_REQUIRED WORK_:
Among the entries below, count the lines holding the string "подвески". Respond with the number alone.
[[ DATA IN THIS EXERCISE, beginning ]]
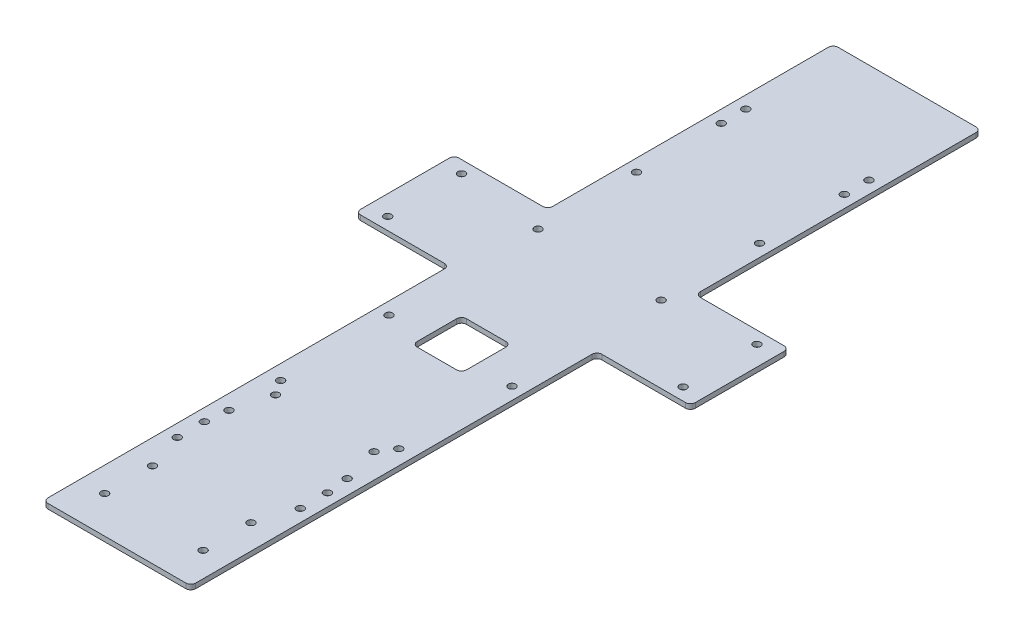
SolidWorks part; units mm, degrees
ref_plane "Спереди" through (0, 0, 0) normal (0, 0, 1) x (1, 0, 0)
ref_plane "Сверху" through (0, 0, 0) normal (0, 1, 0) x (1, 0, 0)
ref_plane "Справа" through (0, 0, 0) normal (1, 0, 0) x (0, 0, -1)
sketch "компоновка" plane through (0, 0, 0) normal (0, 1, 0) x (1, 0, 0)
  line L0 (-25, -130) -> (25, -130) construction
  line L1 (-25, -124.35) -> (25, -124.35) construction
  line L2 (-25, -124.35) -> (-25, -135.65) construction
  line L3 (-25, -135.65) -> (25, -135.65) construction
  line L4 (25, -124.35) -> (25, -135.65) construction
  line L5 (-7, -135.65) -> (7, -135.65) construction
  line L6 (-7, -135.65) -> (-7, -140.75) construction
  line L7 (-7, -140.75) -> (7, -140.75) construction
  line L8 (7, -135.65) -> (7, -140.75) construction
  line L9 (0, -124.35) -> (0, -135.65) construction
  line L10 (-18, -141.8192) -> (18, -29.3192) construction
  line L11 (-18, -141.8192) -> (-18, -29.3192) construction
  line L12 (-18, -141.8192) -> (18, -141.8192) construction
  line L13 (18, -141.8192) -> (18, -29.3192) construction
  line L14 (-18, -29.3192) -> (18, -29.3192) construction
  line L15 (-6.5, -173.0692) -> (-6.5, -141.8192) construction
  line L16 (-6.5, -173.0692) -> (6.5, -173.0692) construction
  line L17 (6.5, -173.0692) -> (6.5, -141.8192) construction
  line L18 (-6.5, -141.8192) -> (6.5, -141.8192) construction
  line L19 (20, -110.5692) -> (-20, -60.5692) construction
  line L20 (20, -110.5692) -> (20, -60.5692) construction
  line L21 (20, -110.5692) -> (-20, -110.5692) construction
  line L22 (-20, -110.5692) -> (-20, -60.5692) construction
  line L23 (20, -60.5692) -> (-20, -60.5692) construction
  line L24 (-27.5, -42.5) -> (27.5, -87.5) construction
  line L25 (-27.5, -42.5) -> (27.5, -42.5) construction
  line L26 (-27.5, -42.5) -> (-27.5, -87.5) construction
  line L27 (-27.5, -87.5) -> (27.5, -87.5) construction
  line L28 (27.5, -42.5) -> (27.5, -87.5) construction
  line L29 (-25, 91.0749) -> (25, 91.0749) construction
  line L30 (-25, 91.0749) -> (-25, 51.0749) construction
  line L31 (-25, 51.0749) -> (25, 51.0749) construction
  line L32 (25, 91.0749) -> (25, 51.0749) construction
  line L33 (-25, 51.0749) -> (25, 91.0749) construction
  line L34 (-24, -54.5) -> (24, -75.5) construction
  line L35 (-24, -54.5) -> (24, -54.5) construction
  line L36 (-24, -54.5) -> (-24, -75.5) construction
  line L37 (-24, -75.5) -> (24, -75.5) construction
  line L38 (24, -54.5) -> (24, -75.5) construction
  line L39 (-24, -65) -> (24, -65) construction
  line L40 (-27.5, -65) -> (27.5, -65) construction
  circle A0 centre (-20, -130) radius 1.5
  circle A1 centre (20, -130) radius 1.5
  circle A2 centre (-24, -54.5) radius 1.5
  circle A3 centre (24, -54.5) radius 1.5
  circle A4 centre (-20, -110.5692) radius 1.5
  circle A5 centre (-20, -60.5692) radius 1.5
  circle A6 centre (20, -60.5692) radius 1.5
  circle A7 centre (20, -110.5692) radius 1.5
  circle A8 centre (-25, 91.0749) radius 1.5
  circle A9 centre (25, 91.0749) radius 1.5
  circle A10 centre (25, 51.0749) radius 1.5
  circle A11 centre (-25, 51.0749) radius 1.5
  circle A12 centre (24, -75.5) radius 1.5
  circle A13 centre (-24, -75.5) radius 1.5
  point P13 (0, -135.65)
  point P14 (0, -135.65)
  point P29 (0, -85.5692)
  point P30 (0, -85.5692)
  point P43 (0, -65)
  point P57 (0, -130)
  point P67 (0, -65)
  point P79 (0, -141.8192)
  point P80 (0, -141.8192)
  point P88 (0, 71.0749)
  dimension "D3" = 50
  dimension "D7" = 3
  dimension "D18" = 3
  dimension "D23" = 3
  dimension "D27" = 3
  dimension "D4" = 40
  dimension "D5" = 11.3
  dimension "D6" = 16.4
  dimension "D8" = 50
  dimension "D9" = 40
  dimension "D10" = 112.5
  dimension "D11" = 13
  dimension "D12" = 31.25
  dimension "D13" = 36
  dimension "D14" = 55
  dimension "D15" = 45
  dimension "D16" = 50
  dimension "D17" = 40
  dimension "D19" = 65
  dimension "D21" = 14
  dimension "D22" = 65
  dimension "D24" = 48
  dimension "D25" = 21
  dimension "D26" = 130
sketch "Эскиз1" plane through (0, 0, 0) normal (0, 1, 0) x (1, 0, 0)
  line L0 (0, 176) -> (0, -145) construction
  line L1 (-30, 176) -> (30, 176)
  line L2 (-30, 176) -> (-30, -145)
  line L3 (-30, -145) -> (30, -145)
  line L4 (30, 176) -> (30, -145)
  line L5 (-30, 0) -> (30, 0) construction
  dimension "D1" = 60
  dimension "D2" = 176
  dimension "D3" = 145
extrude "тело" add sketch "Эскиз1" along normal blind 2
sketch "Эскиз3" plane through (0, 2, 0) normal (0, 1, 0) x (1, 0, 0)
  line L0 (0, 176) -> (0, -145) construction
  line L1 (30, 176) -> (-30, 176) construction
  line L2 (-30, -145) -> (30, -145) construction
  line L3 (-30, 176) -> (-30, -145) construction
  line L4 (-30, 60) -> (-68, 60)
  line L5 (-30, 60) -> (-30, 20)
  line L6 (-30, 20) -> (-68, 20)
  line L7 (-68, 60) -> (-68, 20)
  line L8 (30, -145) -> (30, 176) construction
  line L9 (30, 60) -> (68, 60)
  line L10 (30, 60) -> (30, 20)
  line L11 (30, 20) -> (68, 20)
  line L12 (68, 60) -> (68, 20)
  line L13 (-68, 40) -> (68, 40) construction
  dimension "D1" = 40
  dimension "D2" = 40
  dimension "D3" = 68
sketch "Эскиз4" plane through (0, 2, 0) normal (0, 1, 0) x (1, 0, 0)
  line L0 (0, 176) -> (0, -145) construction
  line L1 (-60, 55) -> (-60, 25) construction
  line L2 (60, 55) -> (60, 25) construction
  line L3 (-60, 40) -> (60, 40) construction
  circle A0 centre (-60, 55) radius 1.5
  circle A1 centre (-60, 25) radius 1.5
  circle A2 centre (60, 55) radius 1.5
  circle A3 centre (60, 25) radius 1.5
  point P15 (0, 40)
  dimension "D1" = 3
  dimension "D2" = 30
  dimension "D3" = 60
  dimension "D4" = 40
extrude "уши крепления подвески" add sketch "Эскиз3" against normal up to surface (2 mm away) up to face at (0, 0, -15.5)
extrude "крепление подвески" cut sketch "Эскиз4" against normal through all
sketch "Эскиз6" plane through (0, 2, 0) normal (0, 1, 0) x (1, 0, 0)
  circle A0 centre (-20, -60.5692) radius 1.5
  circle A1 centre (20, -60.5692) radius 1.5
  circle A2 centre (20, -110.5692) radius 1.5
  circle A3 centre (-20, -110.5692) radius 1.5
  dimension "D1" = 3
extrude "крепление bullet" cut sketch "Эскиз6" against normal through all
sketch "Эскиз7" plane through (0, 2, 0) normal (0, 1, 0) x (1, 0, 0)
  circle A0 centre (-25, 91.0749) radius 1.5
  circle A1 centre (25, 91.0749) radius 1.5
  circle A2 centre (25, 51.0749) radius 1.5
  circle A3 centre (-25, 51.0749) radius 1.5
  dimension "D1" = 3
extrude "крепление платы серв" cut sketch "Эскиз7" against normal through all
sketch "Эскиз8" plane through (0, 2, 0) normal (0, 1, 0) x (1, 0, 0)
  circle A0 centre (-20, -130) radius 1.5
  circle A1 centre (20, -130) radius 1.5
  dimension "D1" = 3
extrude "крепление камеры" cut sketch "Эскиз8" against normal through all and the other way through all
sketch "Эскиз9" plane through (0, 2, 0) normal (0, 1, 0) x (1, 0, 0)
  circle A0 centre (-24, -54.5) radius 1.5
  circle A1 centre (24, -54.5) radius 1.5
  circle A2 centre (24, -75.5) radius 1.5
  circle A3 centre (-24, -75.5) radius 1.5
  dimension "D1" = 3
extrude "плата раздачи питания" cut sketch "Эскиз9" against normal through all
sketch "Эскиз11" plane through (0, 2, 0) normal (0, 1, 0) x (1, 0, 0)
  line L0 (0, 176) -> (0, -145) construction
  line L1 (30, 176) -> (-30, 176) construction
  line L2 (-30, -145) -> (30, -145) construction
  line L3 (-30, 15.5) -> (30, 15.5) construction
  line L6 (-25, 135.5) -> (25, 135.5) construction
  line L7 (-25, -95.5) -> (25, -95.5) construction
  line L8 (-30, 20) -> (-30, -145) construction
  line L9 (30, -145) -> (30, 20) construction
  circle A0 centre (-25, 135.5) radius 1.5
  circle A1 centre (25, 135.5) radius 1.5
  circle A2 centre (-25, -95.5) radius 1.5
  circle A3 centre (25, -95.5) radius 1.5
  point P21 (0, -95.5)
  point P22 (0, 135.5)
  point P23 (0, 15.5)
  dimension "D1" = 3
  dimension "D2" = 50
  dimension "D3" = 120
  dimension "D4" = 111
extrude "крепление нижнего этажа" cut sketch "Эскиз11" against normal through all
sketch "Эскиз13" plane through (0, 2, 0) normal (0, 1, 0) x (1, 0, 0)
  line L0 (-10, -5) -> (10, -5) construction
  line L1 (-10, 5) -> (10, 5)
  line L2 (-10, 5) -> (-10, -15)
  line L3 (-10, -15) -> (10, -15)
  line L4 (10, 5) -> (10, -15)
  point P6 (0, -5)
  dimension "D1" = 20
  dimension "D2" = 20
  dimension "D3" = 5
extrude "отверстие для проводов" cut sketch "Эскиз13" against normal through all
sketch "Эскиз15" plane through (0, 2, 0) normal (0, 1, 0) x (1, 0, 0)
  line L0 (0, 176) -> (0, -145) construction
  line L1 (-25, 125.5) -> (25, 125.5) construction
  line L2 (-25, -9.5) -> (25, -9.5) construction
  line L3 (-25, -84.5) -> (25, -84.5) construction
  line L5 (30, 176) -> (-30, 176) construction
  line L6 (-30, -145) -> (30, -145) construction
  line L8 (-30, 15.5) -> (30, 15.5) construction
  line L10 (-30, 20) -> (-30, -145) construction
  line L11 (30, -145) -> (30, 20) construction
  circle A0 centre (-25, 125.5) radius 1.5
  circle A1 centre (25, 125.5) radius 1.5
  circle A2 centre (25, -84.5) radius 1.5
  circle A3 centre (-25, -84.5) radius 1.5
  circle A4 centre (25, -9.5) radius 1.5
  circle A5 centre (-25, -9.5) radius 1.5
  point P20 (0, 15.5)
  point P21 (0, 15.5)
  point P22 (0, 125.5)
  point P23 (0, -84.5)
  point P28 (0, -9.5)
  dimension "D1" = 3
  dimension "D5" = 3
  dimension "D2" = 50
  dimension "D3" = 110
  dimension "D4" = 100
  dimension "D6" = 25
extrude "крепление уголков" cut sketch "Эскиз15" against normal through all
fillet "Скругление1" radius 2 12 edges at (30, 1, -20) (68, 1, -20) (68, 1, -60) (30, 1, -60) (30, 1, -176) (-30, 1, -176) (-30, 1, -60) (-68, 1, -60) (-68, 1, -20) (-30, 1, -20) (-30, 1, 145) (30, 1, 145)
fillet "Скругление2" radius 2 4 edges at (-10, 1, 15) (10, 1, 15) (10, 1, -5) (-10, 1, -5)
[[ DATA IN THIS EXERCISE, end ]]
_RESPONSE_:
2